The paper is 80:85% water when it reaches the press section. As its name implies, the purpose of the press section is to compress the fiber web to improve fiber bonding and regulate the ultimate thickness, bulk, and finish of the paper. The degree of pressing at this stage can be adjusted, depending on the desired bulk and finish of the paper. When the web leaves the press section, it is 60:70% water, and is ready to be sent to the drying section, where a series of heated cylinders evaporate residual moisture. The method of drying also depends on the desired characteristics of the paper. (See also Yankee Dryer and Air Drying.) The drying section also includes a size press, which adds a sizing solution to many types of papers. Following drying, paper may be subjected to various degrees of calendering to impart the desired finish, thickness, or other characteristics.

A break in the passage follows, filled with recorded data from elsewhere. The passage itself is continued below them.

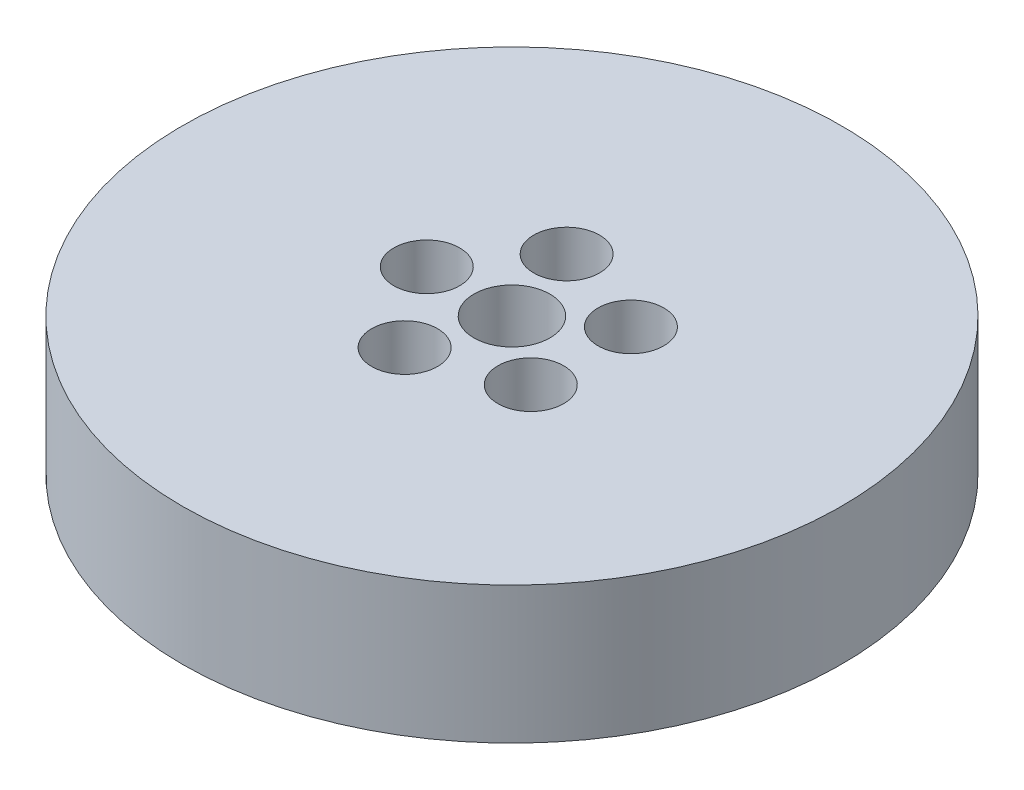
from build123d import *

# Parameters (mm, degrees)
SKETCH1_R           = 65
BOSS_EXTRUDE1_DEPTH = 27
SKETCH2_R           = 7.5
CUT_EXTRUDE1_DEPTH  = 96.807097858
SKETCH3_R           = 6.48724829
CUT_EXTRUDE2_DEPTH  = 21.005107189
CIRPATTERN1_COUNT   = 5


with BuildPart() as part:
    # Sketch1 → Boss-Extrude1 (new body)
    with BuildSketch(Plane(origin=(0, 0, 0), x_dir=(1, 0, 0), z_dir=(0, 1, 0))):
        Circle(SKETCH1_R)
    extrude(amount=BOSS_EXTRUDE1_DEPTH)

    # Sketch2 → Cut-Extrude1 (cut, through all)
    with BuildSketch(Plane(origin=(0, 0, 0), x_dir=(1, 0, 0), z_dir=(0, 1, 0))):
        Circle(SKETCH2_R)
    extrude(amount=CUT_EXTRUDE1_DEPTH, mode=Mode.SUBTRACT)

    # Sketch3 → Cut-Extrude2 (cut)
    with BuildSketch(Plane(origin=(0, 27, 0), x_dir=(1, 0, 0), z_dir=(0, 1, 0))):
        with Locations((-16.80132063, 0)):
            Circle(SKETCH3_R)
    cut_extrude2 = extrude(amount=-CUT_EXTRUDE2_DEPTH, mode=Mode.SUBTRACT)

    # CirPattern1: Cut-Extrude2 ×5 about axis
    cirpattern1_axis = Axis((0, 0, 0), (0, 1, 0))
    for i in range(1, CIRPATTERN1_COUNT):
        add(cut_extrude2.rotate(cirpattern1_axis, i * 360 / CIRPATTERN1_COUNT), mode=Mode.SUBTRACT)


solid = part.part

The difficulties created by the two-sidedness of paper has resulted in the search for modifications or replacements to the conventional fourdrinier machine. (See also Twin-wire Former and Cylinder Machine, as well as Paper and Papermaking: Papermaking.)

The fourdrinier machine has a fairly complex history that begins around the period of the French Revolution in a papermill run by St. Leger Didot. During the Napoleonic Wars, most of his skilled papermakers were conscripted into the army. Didot hired a new personnel director, Nicholas Robert, who had a talent for engineering and told Didot his idea for an automated papermaking machine. Didot agreed to financially support Robert in this endeavor. Robert produced a working model, and applied for a French patent. Soon, Didot and Robert fought over who actually held the rights to the machine, the result being that Didot agreed to buy the rights from Robert. A short time later, Robert sued to regain the rights and won, but Didot bought them back again. Robert, never actually getting paid by Didot, tried for the rest of his life to sell his invention but failed, and died broke. Meanwhile, Didot, having come to believe that there was no market for a papermaking machine, gave the idea to his brother-in-law, John Gamble, in London. There, Gamble took the idea to two stationer brothers, Henry and Sealy Fourdrinier, who agreed to help build the machine. In 1801, Gamble received a patent for the machine in Britain and the Fourdriniers started getting the machines manufactured. The man employed in their mill who was put in charge of the project also ran a foundry elsewhere, and passed all the paper-machine work to one of his foundry employees—Bryan Donkin—who was coerced into building the machine based on Robert's original design. Donkin improved on the machine, and set it up in a papermill at Frogmore in Hertsfordshire in 1803, primarily to manufacture wallpaper. The new papermaking machines, however, did not sell well, and other manufacturers infringed on the patent. Eventually, the court costs of the patent infringement suits drove the Fourdrinier brothers into bankruptcy.